Just my own experience from multiple orders.


----------



## lsg (Mar 1, 2014)

I had to throw away a jar of lye from Essential Depot. Admittedly, it was over a year old, but I am now using some I got from Snowdrift Farm before they closed down and it is still good.


----------



## Seawolfe (Mar 1, 2014)

I was pricing potassium hydroxide yesterday and even with the free shipping yadda yadda at essentials depot, it was still cheaper at Brambleberry. 
Plus there were a few things on my wish list at Brambleberry....


----------



## new12soap (Mar 1, 2014)

to answer your question, every time I have looked at ED's website those sale prices look exactly the same.

also, if you look at the price of lye, then look at the price of "lye with free shipping!" they usually add $10 or more to the "free shipping" price, so it isn't really free.


----------



## alaskazimm (Mar 1, 2014)

For me in Alaska the not-so-free shipping is still the best way to go. The UPS shipping price puts the 32 pound more than 3 of the 10 pound free shipping - even taking into account various discounts and such. Of course, the USPS is a mess so one month later I'm still waiting on my order of lye.

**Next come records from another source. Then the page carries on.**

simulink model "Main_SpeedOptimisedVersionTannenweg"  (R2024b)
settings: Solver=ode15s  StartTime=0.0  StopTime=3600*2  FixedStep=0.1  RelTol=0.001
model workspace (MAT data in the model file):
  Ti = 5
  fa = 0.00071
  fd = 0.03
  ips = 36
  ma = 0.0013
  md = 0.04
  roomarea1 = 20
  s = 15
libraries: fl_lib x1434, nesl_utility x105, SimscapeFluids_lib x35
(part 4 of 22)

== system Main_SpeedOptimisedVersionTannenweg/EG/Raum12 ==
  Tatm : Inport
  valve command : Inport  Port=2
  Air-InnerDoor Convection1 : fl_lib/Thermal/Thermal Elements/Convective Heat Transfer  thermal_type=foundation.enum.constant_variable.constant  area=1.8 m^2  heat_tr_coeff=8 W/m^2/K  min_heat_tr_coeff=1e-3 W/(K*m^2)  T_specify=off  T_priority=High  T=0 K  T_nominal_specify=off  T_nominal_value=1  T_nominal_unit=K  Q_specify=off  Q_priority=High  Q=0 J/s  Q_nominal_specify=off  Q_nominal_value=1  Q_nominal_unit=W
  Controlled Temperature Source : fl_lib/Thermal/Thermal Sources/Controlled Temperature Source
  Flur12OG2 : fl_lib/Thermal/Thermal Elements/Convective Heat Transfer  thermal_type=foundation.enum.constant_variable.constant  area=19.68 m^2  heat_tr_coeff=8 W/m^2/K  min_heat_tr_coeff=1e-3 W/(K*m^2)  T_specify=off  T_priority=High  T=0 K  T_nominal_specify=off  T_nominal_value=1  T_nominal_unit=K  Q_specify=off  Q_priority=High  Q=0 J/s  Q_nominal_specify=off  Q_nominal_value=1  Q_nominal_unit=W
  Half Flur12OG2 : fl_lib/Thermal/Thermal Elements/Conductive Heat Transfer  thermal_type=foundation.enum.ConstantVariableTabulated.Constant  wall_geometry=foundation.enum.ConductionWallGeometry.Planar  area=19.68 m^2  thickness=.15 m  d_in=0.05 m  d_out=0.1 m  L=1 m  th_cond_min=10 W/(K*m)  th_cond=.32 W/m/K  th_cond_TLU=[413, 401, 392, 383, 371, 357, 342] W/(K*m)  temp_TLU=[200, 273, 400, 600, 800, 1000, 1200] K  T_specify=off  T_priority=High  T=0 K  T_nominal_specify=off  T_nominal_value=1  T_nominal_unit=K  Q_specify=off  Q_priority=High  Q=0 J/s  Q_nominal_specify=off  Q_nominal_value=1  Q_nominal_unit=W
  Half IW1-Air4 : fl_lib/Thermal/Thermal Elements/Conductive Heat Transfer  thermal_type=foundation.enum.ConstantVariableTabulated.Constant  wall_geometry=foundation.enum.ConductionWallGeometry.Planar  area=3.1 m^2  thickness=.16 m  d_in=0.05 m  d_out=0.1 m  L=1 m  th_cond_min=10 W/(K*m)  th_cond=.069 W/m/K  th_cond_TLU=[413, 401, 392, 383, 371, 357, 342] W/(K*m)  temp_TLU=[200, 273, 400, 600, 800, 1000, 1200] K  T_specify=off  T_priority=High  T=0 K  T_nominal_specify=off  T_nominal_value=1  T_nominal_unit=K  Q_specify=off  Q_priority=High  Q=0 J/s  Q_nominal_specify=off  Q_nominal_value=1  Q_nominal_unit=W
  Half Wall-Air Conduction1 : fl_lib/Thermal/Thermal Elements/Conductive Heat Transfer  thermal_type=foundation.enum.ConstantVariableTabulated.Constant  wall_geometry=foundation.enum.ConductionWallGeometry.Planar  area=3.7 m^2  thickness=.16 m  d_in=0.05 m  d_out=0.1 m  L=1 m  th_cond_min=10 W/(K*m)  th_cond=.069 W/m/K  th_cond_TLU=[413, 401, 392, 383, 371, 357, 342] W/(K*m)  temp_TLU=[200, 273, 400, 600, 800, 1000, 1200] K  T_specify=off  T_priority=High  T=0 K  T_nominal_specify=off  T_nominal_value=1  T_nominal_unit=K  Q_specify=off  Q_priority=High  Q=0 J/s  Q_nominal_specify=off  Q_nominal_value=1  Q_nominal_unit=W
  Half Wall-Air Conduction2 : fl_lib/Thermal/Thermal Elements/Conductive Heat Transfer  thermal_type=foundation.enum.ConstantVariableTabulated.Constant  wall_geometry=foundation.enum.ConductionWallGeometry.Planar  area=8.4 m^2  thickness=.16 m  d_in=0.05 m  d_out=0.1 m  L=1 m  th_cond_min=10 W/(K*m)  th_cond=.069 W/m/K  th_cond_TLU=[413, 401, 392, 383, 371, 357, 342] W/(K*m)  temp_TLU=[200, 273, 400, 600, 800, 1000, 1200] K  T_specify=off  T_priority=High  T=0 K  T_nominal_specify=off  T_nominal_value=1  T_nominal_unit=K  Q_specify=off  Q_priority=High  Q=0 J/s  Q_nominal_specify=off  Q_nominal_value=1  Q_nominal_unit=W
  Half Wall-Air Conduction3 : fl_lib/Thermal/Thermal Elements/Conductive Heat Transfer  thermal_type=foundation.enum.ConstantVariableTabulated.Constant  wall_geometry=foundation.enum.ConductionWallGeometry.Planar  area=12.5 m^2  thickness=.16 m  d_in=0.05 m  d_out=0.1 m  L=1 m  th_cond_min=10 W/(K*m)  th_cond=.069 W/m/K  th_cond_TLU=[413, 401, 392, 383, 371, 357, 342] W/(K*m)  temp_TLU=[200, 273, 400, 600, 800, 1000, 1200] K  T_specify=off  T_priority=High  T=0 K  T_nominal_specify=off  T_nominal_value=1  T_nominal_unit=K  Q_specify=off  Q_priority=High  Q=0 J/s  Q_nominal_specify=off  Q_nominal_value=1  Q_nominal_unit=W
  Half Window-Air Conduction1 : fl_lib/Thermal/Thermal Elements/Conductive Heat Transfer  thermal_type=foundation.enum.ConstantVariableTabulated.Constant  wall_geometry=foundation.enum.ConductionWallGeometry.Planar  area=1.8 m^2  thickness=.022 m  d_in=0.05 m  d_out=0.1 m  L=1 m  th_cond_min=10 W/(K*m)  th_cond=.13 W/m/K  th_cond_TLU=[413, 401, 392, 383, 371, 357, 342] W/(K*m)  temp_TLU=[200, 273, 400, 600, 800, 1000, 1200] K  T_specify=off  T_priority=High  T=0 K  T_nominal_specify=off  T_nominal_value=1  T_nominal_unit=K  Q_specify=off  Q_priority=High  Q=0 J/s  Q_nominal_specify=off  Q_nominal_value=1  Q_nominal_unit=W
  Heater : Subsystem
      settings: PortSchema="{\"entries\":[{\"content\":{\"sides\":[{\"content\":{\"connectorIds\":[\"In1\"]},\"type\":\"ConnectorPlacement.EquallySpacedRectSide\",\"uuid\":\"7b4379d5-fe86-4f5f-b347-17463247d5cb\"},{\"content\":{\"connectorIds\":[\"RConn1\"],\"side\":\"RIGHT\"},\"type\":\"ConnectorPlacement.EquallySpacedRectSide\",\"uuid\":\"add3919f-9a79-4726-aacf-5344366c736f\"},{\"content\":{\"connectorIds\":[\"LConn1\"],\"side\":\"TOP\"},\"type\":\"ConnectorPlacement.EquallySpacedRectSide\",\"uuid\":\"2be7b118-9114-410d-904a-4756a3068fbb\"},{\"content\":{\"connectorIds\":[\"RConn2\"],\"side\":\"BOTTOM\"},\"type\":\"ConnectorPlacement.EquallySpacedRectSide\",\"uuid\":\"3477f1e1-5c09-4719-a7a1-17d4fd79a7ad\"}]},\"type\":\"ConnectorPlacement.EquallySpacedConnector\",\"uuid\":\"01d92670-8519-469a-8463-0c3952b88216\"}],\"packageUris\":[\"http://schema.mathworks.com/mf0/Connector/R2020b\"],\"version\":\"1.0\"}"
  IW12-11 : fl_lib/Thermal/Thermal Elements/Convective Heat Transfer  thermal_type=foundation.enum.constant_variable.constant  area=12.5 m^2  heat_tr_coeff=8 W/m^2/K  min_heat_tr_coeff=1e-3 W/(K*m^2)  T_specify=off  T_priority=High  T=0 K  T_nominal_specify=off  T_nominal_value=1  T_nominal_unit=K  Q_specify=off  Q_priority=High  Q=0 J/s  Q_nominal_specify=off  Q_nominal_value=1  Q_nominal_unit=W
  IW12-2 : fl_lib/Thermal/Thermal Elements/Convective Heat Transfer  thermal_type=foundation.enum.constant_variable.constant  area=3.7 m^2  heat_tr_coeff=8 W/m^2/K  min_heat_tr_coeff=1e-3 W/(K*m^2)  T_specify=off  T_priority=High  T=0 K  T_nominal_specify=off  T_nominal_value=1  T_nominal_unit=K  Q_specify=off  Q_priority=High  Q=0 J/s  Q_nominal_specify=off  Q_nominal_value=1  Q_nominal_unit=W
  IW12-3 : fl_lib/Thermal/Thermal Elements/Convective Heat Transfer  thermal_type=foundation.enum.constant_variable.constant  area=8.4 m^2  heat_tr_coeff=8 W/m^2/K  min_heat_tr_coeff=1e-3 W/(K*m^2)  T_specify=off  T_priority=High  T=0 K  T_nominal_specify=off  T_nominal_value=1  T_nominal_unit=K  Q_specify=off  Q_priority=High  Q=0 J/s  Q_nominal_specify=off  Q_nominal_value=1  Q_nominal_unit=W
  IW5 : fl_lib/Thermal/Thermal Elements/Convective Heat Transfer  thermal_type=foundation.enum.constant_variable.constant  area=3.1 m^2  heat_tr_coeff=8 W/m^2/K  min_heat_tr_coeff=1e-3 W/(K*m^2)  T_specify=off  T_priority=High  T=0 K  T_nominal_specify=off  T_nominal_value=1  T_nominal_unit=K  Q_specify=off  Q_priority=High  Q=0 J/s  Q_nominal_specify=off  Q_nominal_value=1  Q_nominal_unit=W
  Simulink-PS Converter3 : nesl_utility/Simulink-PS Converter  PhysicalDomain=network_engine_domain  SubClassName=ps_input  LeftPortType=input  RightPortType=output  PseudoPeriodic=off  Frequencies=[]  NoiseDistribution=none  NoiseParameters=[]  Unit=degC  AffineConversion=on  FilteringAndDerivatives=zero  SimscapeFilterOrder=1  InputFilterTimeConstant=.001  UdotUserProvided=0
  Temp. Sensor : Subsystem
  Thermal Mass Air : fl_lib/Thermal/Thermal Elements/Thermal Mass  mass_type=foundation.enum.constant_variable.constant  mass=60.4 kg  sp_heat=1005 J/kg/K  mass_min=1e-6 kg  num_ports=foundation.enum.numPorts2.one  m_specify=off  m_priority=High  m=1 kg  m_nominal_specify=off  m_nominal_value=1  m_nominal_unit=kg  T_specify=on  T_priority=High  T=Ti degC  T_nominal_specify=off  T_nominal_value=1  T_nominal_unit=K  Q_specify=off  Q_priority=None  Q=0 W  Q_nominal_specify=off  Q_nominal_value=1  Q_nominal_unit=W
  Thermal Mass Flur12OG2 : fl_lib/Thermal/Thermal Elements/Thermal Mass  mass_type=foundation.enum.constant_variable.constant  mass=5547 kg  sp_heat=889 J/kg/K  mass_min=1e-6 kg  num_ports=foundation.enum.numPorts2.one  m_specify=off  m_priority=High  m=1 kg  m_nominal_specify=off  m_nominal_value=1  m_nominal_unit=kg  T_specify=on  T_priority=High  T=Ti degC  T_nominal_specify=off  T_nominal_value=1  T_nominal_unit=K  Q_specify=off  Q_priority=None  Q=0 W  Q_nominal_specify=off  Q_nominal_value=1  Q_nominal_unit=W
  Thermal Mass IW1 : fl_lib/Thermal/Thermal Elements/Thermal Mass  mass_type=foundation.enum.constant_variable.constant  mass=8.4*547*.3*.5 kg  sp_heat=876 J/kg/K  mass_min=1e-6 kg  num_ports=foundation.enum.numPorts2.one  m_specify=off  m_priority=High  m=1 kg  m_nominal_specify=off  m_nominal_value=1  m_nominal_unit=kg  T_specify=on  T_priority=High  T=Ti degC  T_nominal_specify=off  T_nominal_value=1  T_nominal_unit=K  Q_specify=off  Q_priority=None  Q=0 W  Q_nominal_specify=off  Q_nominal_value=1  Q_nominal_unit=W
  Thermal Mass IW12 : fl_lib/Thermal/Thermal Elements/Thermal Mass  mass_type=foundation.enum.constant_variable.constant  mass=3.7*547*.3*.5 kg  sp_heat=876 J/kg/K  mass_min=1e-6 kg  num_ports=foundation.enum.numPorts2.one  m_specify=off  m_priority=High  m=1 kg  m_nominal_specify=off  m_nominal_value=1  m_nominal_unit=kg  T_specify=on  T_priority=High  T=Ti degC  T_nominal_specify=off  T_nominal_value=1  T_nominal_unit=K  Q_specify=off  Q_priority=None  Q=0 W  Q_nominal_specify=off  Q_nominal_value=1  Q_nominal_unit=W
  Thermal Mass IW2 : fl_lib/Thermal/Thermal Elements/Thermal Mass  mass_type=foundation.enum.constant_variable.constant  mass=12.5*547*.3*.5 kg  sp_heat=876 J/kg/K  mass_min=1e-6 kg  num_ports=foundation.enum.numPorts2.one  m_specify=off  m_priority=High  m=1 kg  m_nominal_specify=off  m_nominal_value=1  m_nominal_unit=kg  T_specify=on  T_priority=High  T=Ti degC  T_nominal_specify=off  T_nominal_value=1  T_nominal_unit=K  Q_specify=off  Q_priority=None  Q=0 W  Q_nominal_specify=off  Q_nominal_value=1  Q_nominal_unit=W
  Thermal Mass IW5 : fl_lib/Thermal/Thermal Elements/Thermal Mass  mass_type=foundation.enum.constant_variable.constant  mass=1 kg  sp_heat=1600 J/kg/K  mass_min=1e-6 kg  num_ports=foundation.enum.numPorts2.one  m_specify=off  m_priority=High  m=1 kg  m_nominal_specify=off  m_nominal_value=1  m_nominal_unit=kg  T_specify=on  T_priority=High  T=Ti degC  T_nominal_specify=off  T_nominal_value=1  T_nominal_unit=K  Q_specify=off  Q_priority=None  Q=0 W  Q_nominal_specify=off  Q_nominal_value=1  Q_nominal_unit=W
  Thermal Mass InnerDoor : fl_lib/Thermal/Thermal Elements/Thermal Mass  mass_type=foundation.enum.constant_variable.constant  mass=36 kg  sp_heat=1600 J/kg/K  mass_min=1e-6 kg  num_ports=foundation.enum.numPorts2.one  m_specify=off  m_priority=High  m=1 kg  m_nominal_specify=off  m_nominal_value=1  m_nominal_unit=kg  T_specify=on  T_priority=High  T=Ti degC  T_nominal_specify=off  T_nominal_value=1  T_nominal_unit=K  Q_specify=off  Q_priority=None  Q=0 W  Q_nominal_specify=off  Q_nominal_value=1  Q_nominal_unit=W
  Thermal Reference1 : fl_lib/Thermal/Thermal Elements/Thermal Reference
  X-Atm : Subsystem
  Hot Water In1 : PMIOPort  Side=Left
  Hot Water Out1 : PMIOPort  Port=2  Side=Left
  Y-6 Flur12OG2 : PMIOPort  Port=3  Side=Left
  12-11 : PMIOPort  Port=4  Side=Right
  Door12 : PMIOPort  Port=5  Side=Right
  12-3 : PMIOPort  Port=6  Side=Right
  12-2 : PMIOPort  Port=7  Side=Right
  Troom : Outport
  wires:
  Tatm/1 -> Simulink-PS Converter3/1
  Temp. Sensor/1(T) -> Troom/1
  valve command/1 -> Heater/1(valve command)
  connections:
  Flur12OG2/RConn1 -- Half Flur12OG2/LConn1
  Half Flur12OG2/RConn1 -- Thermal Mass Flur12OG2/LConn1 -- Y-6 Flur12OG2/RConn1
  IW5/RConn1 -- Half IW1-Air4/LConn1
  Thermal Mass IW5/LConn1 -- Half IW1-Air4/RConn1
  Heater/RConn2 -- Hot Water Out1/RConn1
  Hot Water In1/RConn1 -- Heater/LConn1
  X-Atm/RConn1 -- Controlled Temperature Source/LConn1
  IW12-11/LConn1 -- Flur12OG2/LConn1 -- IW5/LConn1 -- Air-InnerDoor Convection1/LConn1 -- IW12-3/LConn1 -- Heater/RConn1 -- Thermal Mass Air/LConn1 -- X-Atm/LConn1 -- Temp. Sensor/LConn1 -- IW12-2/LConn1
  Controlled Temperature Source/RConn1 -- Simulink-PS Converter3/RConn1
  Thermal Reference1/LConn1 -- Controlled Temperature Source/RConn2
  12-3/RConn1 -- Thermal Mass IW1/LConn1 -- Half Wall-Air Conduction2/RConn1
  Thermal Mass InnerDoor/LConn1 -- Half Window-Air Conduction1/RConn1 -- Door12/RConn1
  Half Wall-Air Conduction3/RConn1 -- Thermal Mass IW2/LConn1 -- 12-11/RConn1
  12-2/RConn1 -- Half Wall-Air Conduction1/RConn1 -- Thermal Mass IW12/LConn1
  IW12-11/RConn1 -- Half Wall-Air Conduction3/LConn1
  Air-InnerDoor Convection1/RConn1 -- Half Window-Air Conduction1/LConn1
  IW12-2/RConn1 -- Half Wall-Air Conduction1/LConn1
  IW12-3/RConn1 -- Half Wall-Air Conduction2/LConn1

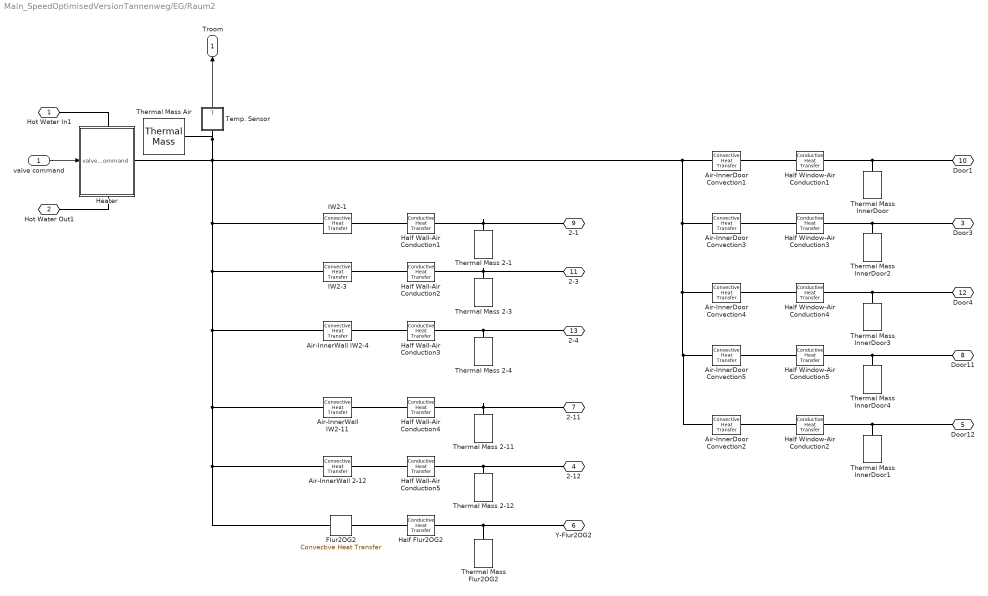
== system Main_SpeedOptimisedVersionTannenweg/EG/Raum2 ==
  valve command : Inport
  Air-InnerDoor Convection{1..5} (5 alike) : fl_lib/Thermal/Thermal Elements/Convective Heat Transfer  thermal_type=foundation.enum.constant_variable.constant  area=8.4 m^2  heat_tr_coeff=8 W/m^2/K  min_heat_tr_coeff=1e-3 W/(K*m^2)  T_specify=off  T_priority=High  T=0 K  T_nominal_specify=off  T_nominal_value=1  T_nominal_unit=K  Q_specify=off  Q_priority=High  Q=0 J/s  Q_nominal_specify=off  Q_nominal_value=1  Q_nominal_unit=W
  Air-InnerWall 2-12 : fl_lib/Thermal/Thermal Elements/Convective Heat Transfer  thermal_type=foundation.enum.constant_variable.constant  area=3.7 m^2  heat_tr_coeff=8 W/m^2/K  min_heat_tr_coeff=1e-3 W/(K*m^2)  T_specify=off  T_priority=High  T=0 K  T_nominal_specify=off  T_nominal_value=1  T_nominal_unit=K  Q_specify=off  Q_priority=High  Q=0 J/s  Q_nominal_specify=off  Q_nominal_value=1  Q_nominal_unit=W
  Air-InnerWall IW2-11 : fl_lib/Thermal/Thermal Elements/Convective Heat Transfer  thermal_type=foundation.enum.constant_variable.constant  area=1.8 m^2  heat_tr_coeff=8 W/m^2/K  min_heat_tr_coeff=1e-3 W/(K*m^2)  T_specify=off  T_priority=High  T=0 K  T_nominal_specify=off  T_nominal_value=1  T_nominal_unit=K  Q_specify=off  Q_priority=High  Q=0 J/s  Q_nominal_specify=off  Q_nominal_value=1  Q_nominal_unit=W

Maybe worth the extra for UPS :cry:


----------



## judymoody (Mar 1, 2014)

They always have some sort of offer or another.  They do vary from time to time.  I once got lye from them for less than $2 per lb. including the shipping but I believe I bought 32 lbs at one go.

I have found their lye to be good quality without clumping problems and the containers are easy to pour from.


----------



## Dennis (Mar 1, 2014)

MarisaJensen said:


> They have good lye but be careful and measure everything you get from them. I ordered 16 2lb lye containers and each one has been less than 2 lbs by 2 or more ounces. Their 1keg essential oils as well. While they have good products there is some trickery with the amount you actually get.
> 
> Just my own experience from multiple orders.



Did you contact them about the shortage?  Seems they should have the opportunity to make it right before accusing them of purposely shorting you. Just my opinion.


----------



## MarisaJensen (Mar 1, 2014)

I got ahold of Brittany, she wasn't very nice nor was she willing to correct the problem. I was told the owner is out of town as well. 

Personally they where a couple of hours from me where I can pick up my orders so they where super convenient and their product is good; however, I'll refuse to buy from them if I pay for xxx amount and get xx instead. 

I'll order elsewhere, it's not like they are the only company I'll just have to wait longer for supplies.


----------



## Dennis (Mar 1, 2014)

MarisaJensen said:


> I got ahold of Brittany, she wasn't very nice nor was she willing to correct the problem. I was told the owner is out of town as well.
> 
> Personally they where a couple of hours from me where I can pick up my orders so they where super convenient and their product is good; however, I'll refuse to buy from them if I pay for xxx amount and get xx instead.
> 
> I'll order elsewhere, it's not like they are the only company I'll just have to wait longer for supplies.



I understand how you feel.  I generally consider problems like this to be a new hobby and pursue resolution.  Probably consider me a general pain but I want to connect with someone who can do something.  Sounds like the owner in this case.


----------



## AnnaMarie (Mar 1, 2014)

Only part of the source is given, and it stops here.